15 Kapal Ketinting untuk Korban Tsunami Diserahkan Hari Ini

15
Kepala Dinas Perikanan Dr. Meizar Malanesia

KALIANDA – Sebanyak15 unit kapal nelayan jenis ketinting dari Kementerian Kelautan dan Perikanan Republik Indonesia (KKP RI) bakal disalurkan kepada nelayan yang menjadi korban tsunami di wilayah Lampung Selatan. Bantuan tersebut bakal diserahkan langsung Plt Bupati Lamsel H. Nanang Ermanto di TPI Dermaga Bom Kalianda, Selasa (15/10) besok (hari ini’red).
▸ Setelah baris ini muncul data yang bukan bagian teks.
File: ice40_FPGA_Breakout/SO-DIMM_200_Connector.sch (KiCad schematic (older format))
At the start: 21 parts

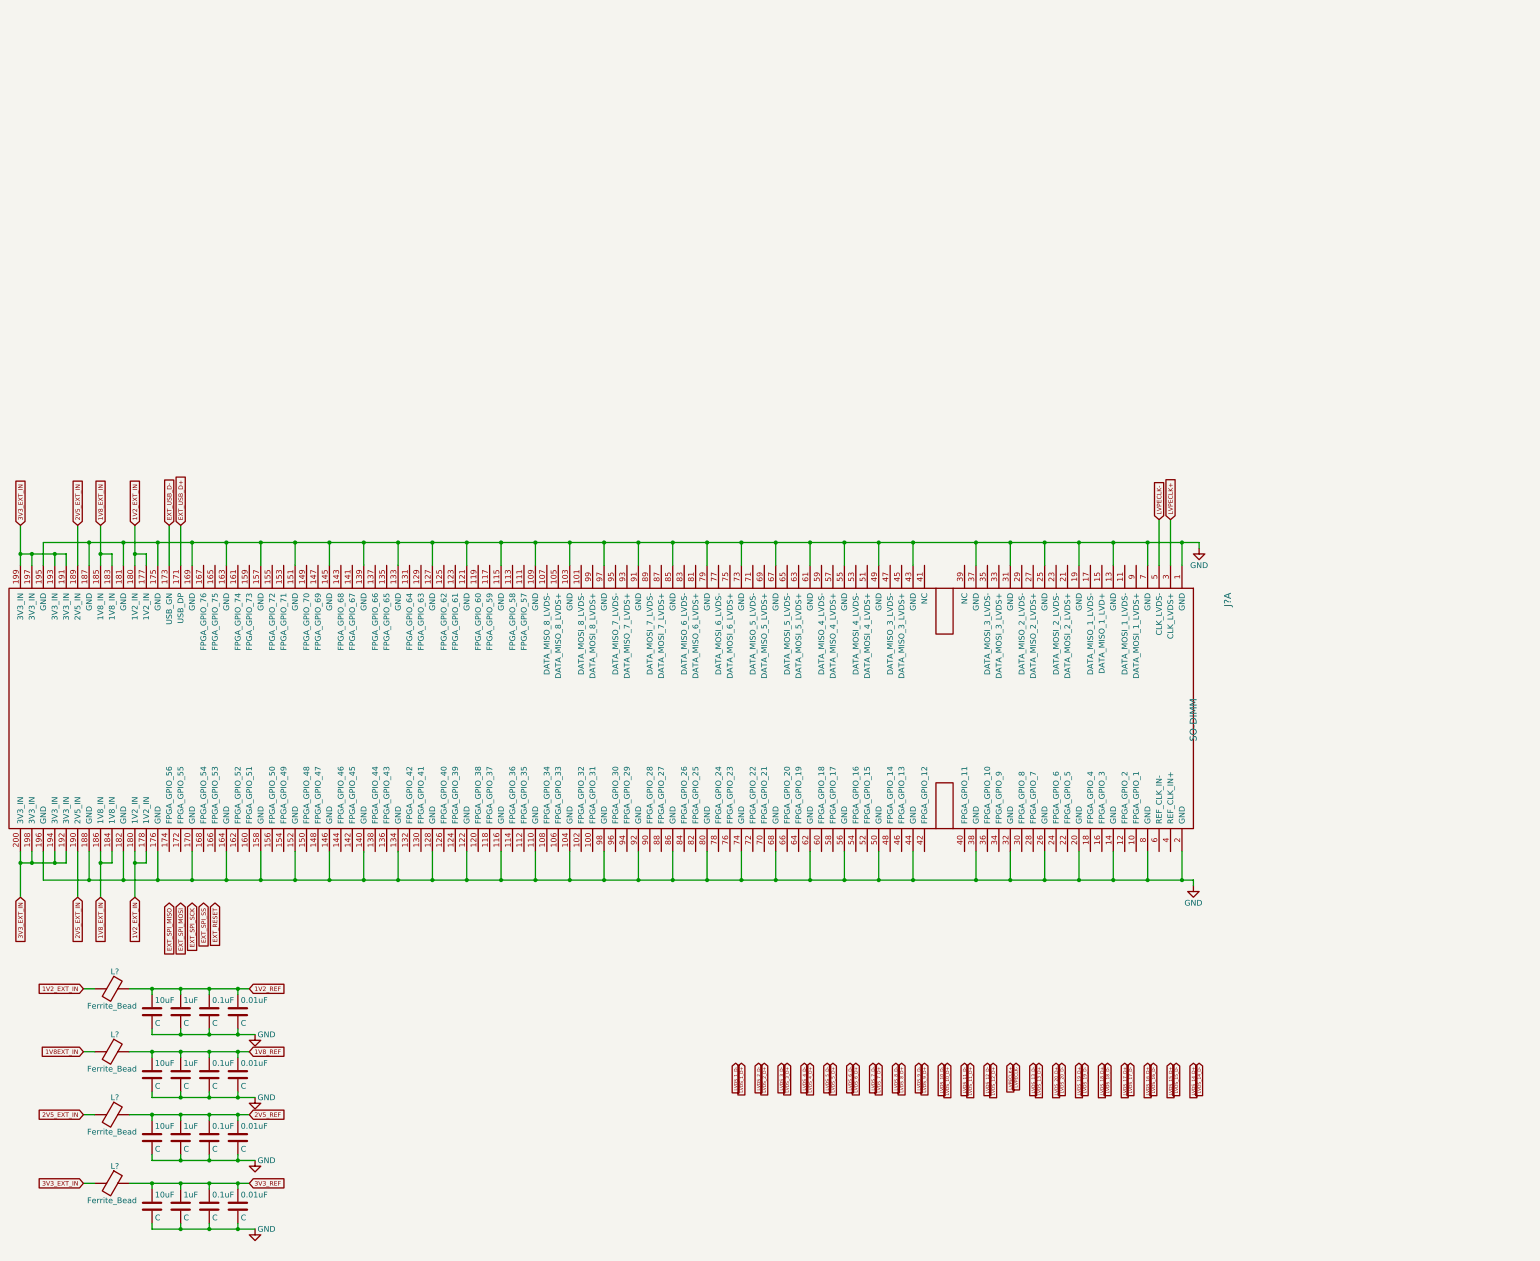
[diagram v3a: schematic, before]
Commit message: global nets changed to hierarchy net, interconnects updated
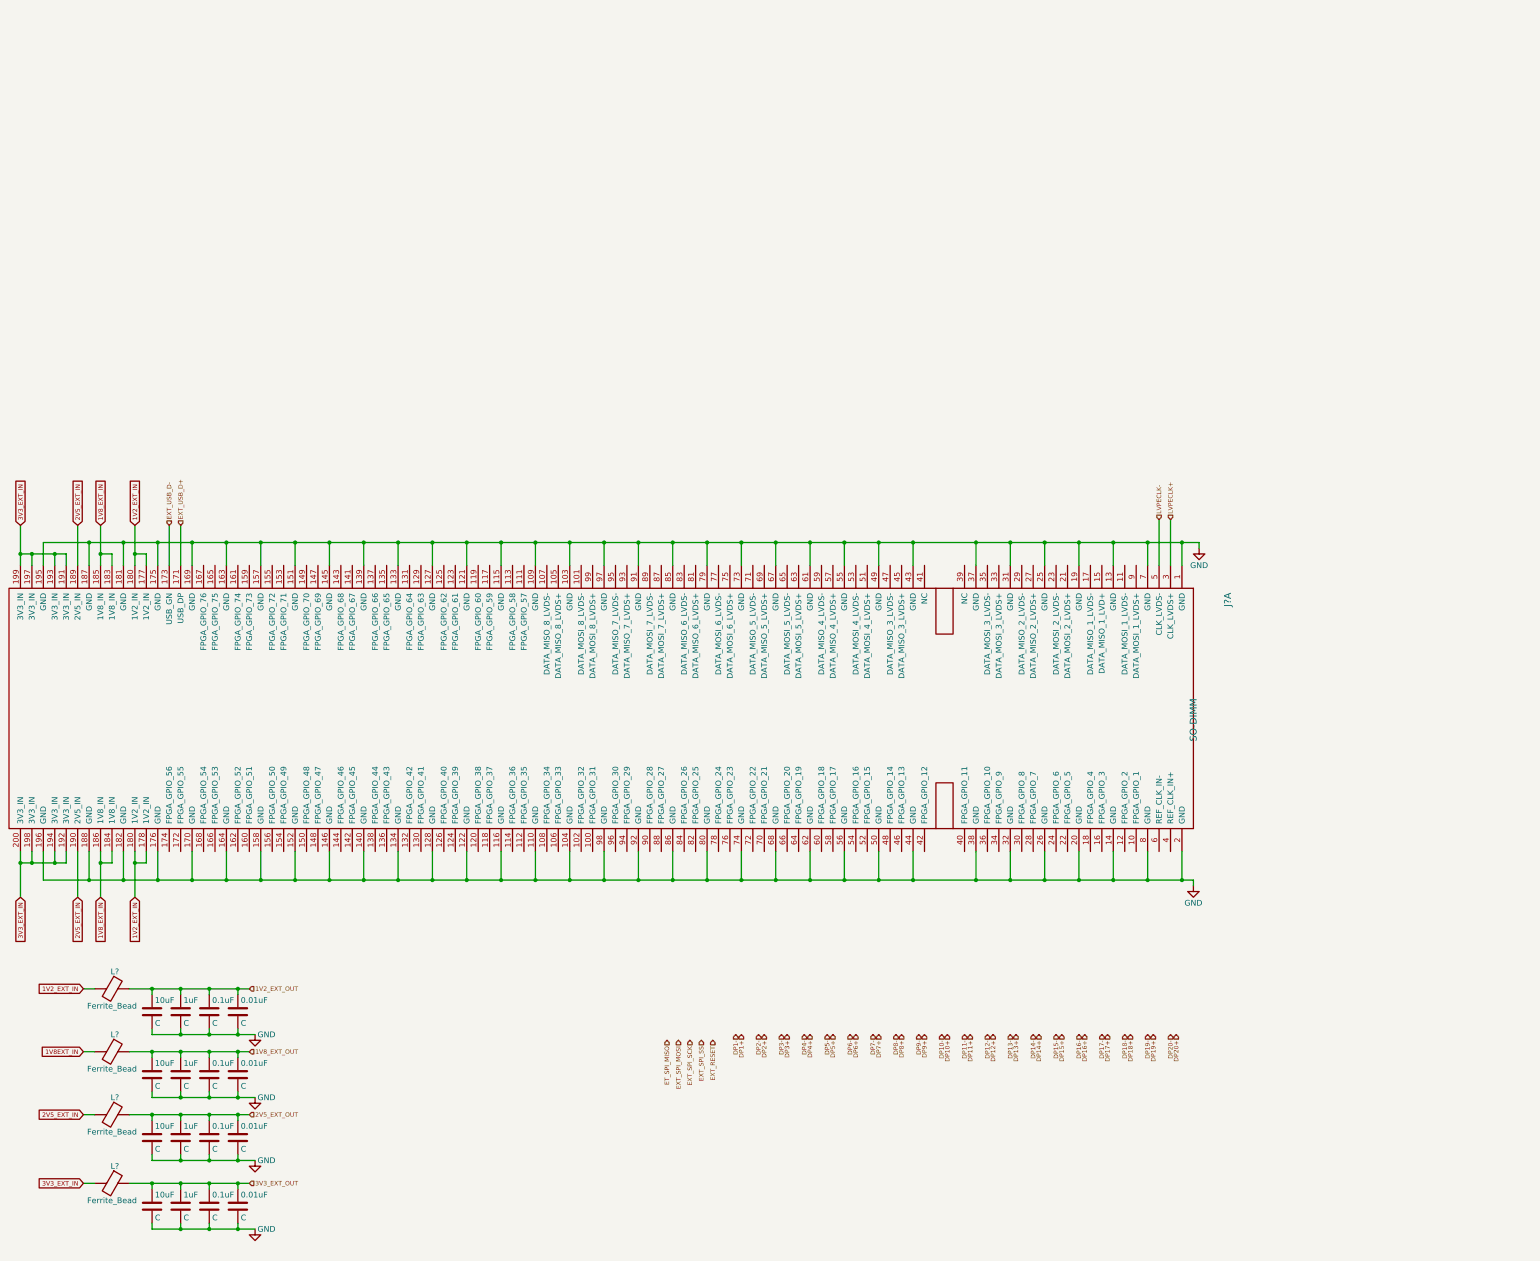
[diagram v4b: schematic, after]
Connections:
- net 1V2_REF renamed 1V2_EXT_OUT
- net 1V8_REF renamed 1V8_EXT_OUT
- net 2V5_REF renamed 2V5_EXT_OUT
- net 3V3_REF renamed 3V3_EXT_OUT
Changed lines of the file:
@@
 $Descr A4 11693 8268
 encoding utf-8
-Sheet 6 7
+Sheet 7 7
 Title ""
 Date ""
@@
 Text GLabel 1350 6500 0    39   Input ~ 0
 2V5_EXT_IN
-Text GLabel 2800 6500 2    39   Input ~ 0
-2V5_REF
-Text GLabel 2800 5950 2    39   Input ~ 0
-1V8_REF
-Text GLabel 2800 5400 2    39   Input ~ 0
-1V2_REF
-Text GLabel 2800 7100 2    39   Input ~ 0
-3V3_REF
-$Comp
-L GND #PWR?
+$Comp
+L GND #PWR038
 U 1 1 5A41B6AD
 P 2850 5800
-F 0 "#PWR?" H 2850 5550 50  0001 C CNN
+F 0 "#PWR038" H 2850 5550 50  0001 C CNN
 F 1 "GND" H 2950 5800 50  0000 C CNN
 F 2 "" H 2850 5800 50  0001 C CNN
@@
 $EndComp
 $Comp
-L GND #PWR?
+L GND #PWR039
 U 1 1 5A41B7D9
 P 2850 6350
-F 0 "#PWR?" H 2850 6100 50  0001 C CNN
+F 0 "#PWR039" H 2850 6100 50  0001 C CNN
 F 1 "GND" H 2950 6350 50  0000 C CNN
 F 2 "" H 2850 6350 50  0001 C CNN
@@
 $EndComp
 $Comp
-L GND #PWR?
+L GND #PWR040
 U 1 1 5A41B927
 P 2850 7500
-F 0 "#PWR?" H 2850 7250 50  0001 C CNN
+F 0 "#PWR040" H 2850 7250 50  0001 C CNN
 F 1 "GND" H 2950 7500 50  0000 C CNN
 F 2 "" H 2850 7500 50  0001 C CNN
@@
 $EndComp
 $Comp
-L GND #PWR?
+L GND #PWR041
 U 1 1 5A41B976
 P 2850 6900
-F 0 "#PWR?" H 2850 6650 50  0001 C CNN
+F 0 "#PWR041" H 2850 6650 50  0001 C CNN
 F 1 "GND" H 2950 6900 50  0000 C CNN
 F 2 "" H 2850 6900 50  0001 C CNN
@@
 	1    0    0    -1
 $EndComp
-Text GLabel 800  4600 3    39   Input ~ 0
-3V3_EXT_IN
-Text GLabel 1500 4600 3    39   Input ~ 0
-1V8_EXT_IN
-Text GLabel 1800 4600 3    39   Input ~ 0
-1V2_EXT_IN
-$Comp
-L GND #PWR?
+$Comp
+L GND #PWR042
 U 1 1 5A41CA24
 P 11050 4500
-F 0 "#PWR?" H 11050 4250 50  0001 C CNN
+F 0 "#PWR042" H 11050 4250 50  0001 C CNN
 F 1 "GND" H 11050 4350 50  0000 C CNN
 F 2 "" H 11050 4500 50  0001 C CNN
@@
 Connection ~ 10950 1500
 $Comp
-L GND #PWR?
+L GND #PWR043
 U 1 1 5A421824
 P 11100 1550
-F 0 "#PWR?" H 11100 1300 50  0001 C CNN
+F 0 "#PWR043" H 11100 1300 50  0001 C CNN
 F 1 "GND" H 11100 1400 50  0000 C CNN
 F 2 "" H 11100 1550 50  0001 C CNN
@@
 Wire Wire Line
 	1100 1700 1100 1600
-Text GLabel 800  1350 1    39   Input ~ 0
-3V3_EXT_IN
 Wire Wire Line
 	1000 1700 1000 1500
-Text GLabel 1300 1350 1    39   Input ~ 0
-2V5_EXT_IN
-Text GLabel 1500 1350 1    39   Input ~ 0
-1V8_EXT_IN
-Text GLabel 1800 1350 1    39   Input ~ 0
-1V2_EXT_IN
-Text GLabel 2200 1350 1    39   Input ~ 0
-EXT_USB_D+
-Text GLabel 2100 1350 1    39   Input ~ 0
-EXT_USB_D-
 Wire Wire Line
 	1000 4200 1000 4450
@@
 Wire Wire Line
 	1300 4200 1300 4600
-Text GLabel 1300 4600 3    39   Input ~ 0
-2V5_EXT_IN
 $Comp
 L Ferrite_Bead L?
@@
 Wire Wire Line
 	1350 7100 1450 7100
-Text GLabel 10750 1300 1    39   Input ~ 0
+Text HLabel 2800 7100 2    39   Input ~ 0
+3V3_EXT_OUT
+Text HLabel 2800 6500 2    39   Input ~ 0
+2V5_EXT_OUT
+Text HLabel 2800 5950 2    39   Input ~ 0
+1V8_EXT_OUT
+Text HLabel 2800 5400 2    39   Input ~ 0
+1V2_EXT_OUT
+Text HLabel 2100 1350 1    39   Input ~ 0
+EXT_USB_D-
+Text HLabel 2200 1350 1    39   Input ~ 0
+EXT_USB_D+
+Text HLabel 10750 1300 1    39   Input ~ 0
 LVPECLK-
-Text GLabel 10850 1300 1    39   Input ~ 0
+Text HLabel 10850 1300 1    39   Input ~ 0
 LVPECLK+
-Text GLabel 2100 4650 3    39   Input ~ 0
-EXT_SPI_MISO
-Text GLabel 2200 4650 3    39   Input ~ 0
+Text GLabel 1800 4600 3    39   Input ~ 0
+1V2_EXT_IN
+Text GLabel 1500 4600 3    39   Input ~ 0
+1V8_EXT_IN
+Text GLabel 1300 4600 3    39   Input ~ 0
+2V5_EXT_IN
+Text GLabel 800  4600 3    39   Input ~ 0
+3V3_EXT_IN
+Text GLabel 1800 1350 1    39   Input ~ 0
+1V2_EXT_IN
+Text GLabel 1500 1350 1    39   Input ~ 0
+1V8_EXT_IN
+Text GLabel 1300 1350 1    39   Input ~ 0
+2V5_EXT_IN
+Text GLabel 800  1350 1    39   Input ~ 0
+3V3_EXT_IN
+Text HLabel 7050 5800 3    39   Input ~ 0
+DP1-
+Text HLabel 7100 5800 3    39   Input ~ 0
+DP1+
+Text HLabel 7250 5800 3    39   Input ~ 0
+DP2-
+Text HLabel 7450 5800 3    39   Input ~ 0
+DP3-
+Text HLabel 7650 5800 3    39   Input ~ 0
+DP4-
+Text HLabel 7850 5800 3    39   Input ~ 0
+DP5-
+Text HLabel 8050 5800 3    39   Input ~ 0
+DP6-
+Text HLabel 8250 5800 3    39   Input ~ 0
+DP7-
+Text HLabel 8450 5800 3    39   Input ~ 0
+DP8-
+Text HLabel 8650 5800 3    39   Input ~ 0
+DP9-
+Text HLabel 8850 5800 3    39   Input ~ 0
+DP10-
+Text HLabel 9050 5800 3    39   Input ~ 0
+DP11-
+Text HLabel 9250 5800 3    39   Input ~ 0
+DP12-
+Text HLabel 9450 5800 3    39   Input ~ 0
+DP13-
+Text HLabel 9650 5800 3    39   Input ~ 0
+DP14-
+Text HLabel 9850 5800 3    39   Input ~ 0
+DP15-
+Text HLabel 10050 5800 3    39   Input ~ 0
+DP16-
+Text HLabel 10250 5800 3    39   Input ~ 0
+DP17-
+Text HLabel 10450 5800 3    39   Input ~ 0
+DP18-
+Text HLabel 10650 5800 3    39   Input ~ 0
+DP19-
+Text HLabel 10850 5800 3    39   Input ~ 0
+DP20-
+Text HLabel 7300 5800 3    39   Input ~ 0
+DP2+
+Text HLabel 7500 5800 3    39   Input ~ 0
+DP3+
+Text HLabel 7700 5800 3    39   Input ~ 0
+DP4+
+Text HLabel 7900 5800 3    39   Input ~ 0
+DP5+
+Text HLabel 8100 5800 3    39   Input ~ 0
+DP6+
+Text HLabel 8300 5800 3    39   Input ~ 0
+DP7+
+Text HLabel 8500 5800 3    39   Input ~ 0
+DP8+
+Text HLabel 8700 5800 3    39   Input ~ 0
+DP9+
+Text HLabel 8900 5800 3    39   Input ~ 0
+DP10+
+Text HLabel 9100 5800 3    39   Input ~ 0
+DP11+
+Text HLabel 9300 5800 3    39   Input ~ 0
+DP12+
+Text HLabel 9500 5800 3    39   Input ~ 0
+DP13+
+Text HLabel 9700 5800 3    39   Input ~ 0
+DP14+
+Text HLabel 9900 5800 3    39   Input ~ 0
+DP15+
+Text HLabel 10100 5800 3    39   Input ~ 0
+DP16+
+Text HLabel 10300 5800 3    39   Input ~ 0
+DP17+
+Text HLabel 10500 5800 3    39   Input ~ 0
+DP18+
+Text HLabel 10700 5800 3    39   Input ~ 0
+DP19+
+Text HLabel 10900 5800 3    39   Input ~ 0
+DP20+
+Text HLabel 6450 5850 3    39   Input ~ 0
+ET_SPI_MISO
+Text HLabel 6550 5850 3    39   Input ~ 0
 EXT_SPI_MOSI
-Text GLabel 2400 4650 3    39   Input ~ 0
+Text HLabel 6650 5850 3    39   Input ~ 0
+EXT_SPI_SCK
+Text HLabel 6750 5850 3    39   Input ~ 0
 EXT_SPI_SS
-Text GLabel 2300 4650 3    39   Input ~ 0
-EXT_SPI_SCK
-Text GLabel 2500 4650 3    39   Input ~ 0
+Text HLabel 6850 5850 3    39   Input ~ 0
 EXT_RESET
-Text GLabel 7050 6050 3    28   Input ~ 0
-LVDS_1_D-
-Text GLabel 7100 6050 3    28   Input ~ 0
-LVDS_1_D+
-Text GLabel 7250 6050 3    28   Input ~ 0
-LVDS_2_D-
-Text GLabel 7450 6050 3    28   Input ~ 0
-LVDS_3_D-
-Text GLabel 7650 6050 3    28   Input ~ 0
-LVDS_4_D-
-Text GLabel 7850 6050 3    28   Input ~ 0
-LVDS_5_D-
-Text GLabel 8050 6050 3    28   Input ~ 0
-LVDS_6_D-
-Text GLabel 8250 6050 3    28   Input ~ 0
-LVDS_7_D-
-Text GLabel 8450 6050 3    28   Input ~ 0
-LVDS_8_D-
-Text GLabel 8650 6050 3    28   Input ~ 0
-LVDS_9_D-
-Text GLabel 8850 6050 3    28   Input ~ 0
-LVDS_10_D-
-Text GLabel 9050 6050 3    28   Input ~ 0
-LVDS_11_D-
-Text GLabel 9250 6050 3    28   Input ~ 0
-LVDS_12_D-
-Text GLabel 9300 6050 3    28   Input ~ 0
-LVDS_12_D+
-Text GLabel 9100 6050 3    28   Input ~ 0
-LVDS_11_D+
-Text GLabel 8900 6050 3    28   Input ~ 0
-LVDS_10_D+
-Text GLabel 8700 6050 3    28   Input ~ 0
-LVDS_9_D+
-Text GLabel 8500 6050 3    28   Input ~ 0
-LVDS_8_D+
-Text GLabel 8300 6050 3    28   Input ~ 0
-LVDS_7_D+
-Text GLabel 8100 6050 3    28   Input ~ 0
-LVDS_6_D+
-Text GLabel 7900 6050 3    28   Input ~ 0
-LVDS_5_D+
-Text GLabel 7700 6050 3    28   Input ~ 0
-LVDS_4_D+
-Text GLabel 7500 6050 3    28   Input ~ 0
-LVDS_3_D+
-Text GLabel 7300 6050 3    28   Input ~ 0
-LVDS_2_D+
-Text GLabel 9650 6050 3    28   Input ~ 0
-LVDS_13_D-
-Text GLabel 9700 6050 3    28   Input ~ 0
-LVDS_13_D+
-Text GLabel 9450 6050 3    28   Input ~ 0
-LVPECLK+
-Text GLabel 9500 6050 3    28   Input ~ 0
-LVPECLK-
-Text GLabel 11100 6050 3    28   Input ~ 0
-LVDS_14_D-
-Text GLabel 10900 6050 3    28   Input ~ 0
-LVDS_15_D-
-Text GLabel 10700 6050 3    28   Input ~ 0
-LVDS_16_D-
-Text GLabel 10500 6050 3    28   Input ~ 0
-LVDS_17_D-
-Text GLabel 10300 6050 3    28   Input ~ 0
-LVDS_18_D-
-Text GLabel 10100 6050 3    28   Input ~ 0
-LVDS_19_D-
-Text GLabel 10050 6050 3    28   Input ~ 0
-LVDS_19_D+
-Text GLabel 9900 6050 3    28   Input ~ 0
-LVDS_20_D-
-Text GLabel 9850 6050 3    28   Input ~ 0
-LVDS_20_D+
-Text GLabel 11050 6050 3    28   Input ~ 0
-LVDS_14_D+
-Text GLabel 10850 6050 3    28   Input ~ 0
-LVDS_15_D+
-Text GLabel 10650 6050 3    28   Input ~ 0
-LVDS_16_D+
-Text GLabel 10450 6050 3    28   Input ~ 0
-LVDS_17_D+
-Text GLabel 10250 6050 3    28   Input ~ 0
-LVDS_18_D+
 $EndSCHEMATC

          Kepala Dinas Perikanan Lampung Selatan DR. Meizar Malanesia menegaskan, 15 unit kapal bantuan untuk para korban tsunami ini diperoleh dari hasil koordinasi yang intens dilakukan dengan pemerintah pusat. Meskipun jumlah yang diperoleh belum sebanding dengan data yang diajukan, namun pihaknya bakal terus melakukan koordinasi dengan pihak terkait.

          “Memang yang kita ajukan ratusan kapal untuk korban tsunami. Dengan kategori rusak berat, sedang dan ringan. Bantuan dari KKP sebanyak 15 unit ini wajib kita syukuri. Karena, kalau tidak terus kita tanyakan mustahil bisa memperoleh dengan jumlah segitu. Karena, dari pusatnya memang sangat terbatas,” ungkap Meizar dikantornya, Senin (14/10) kemarin.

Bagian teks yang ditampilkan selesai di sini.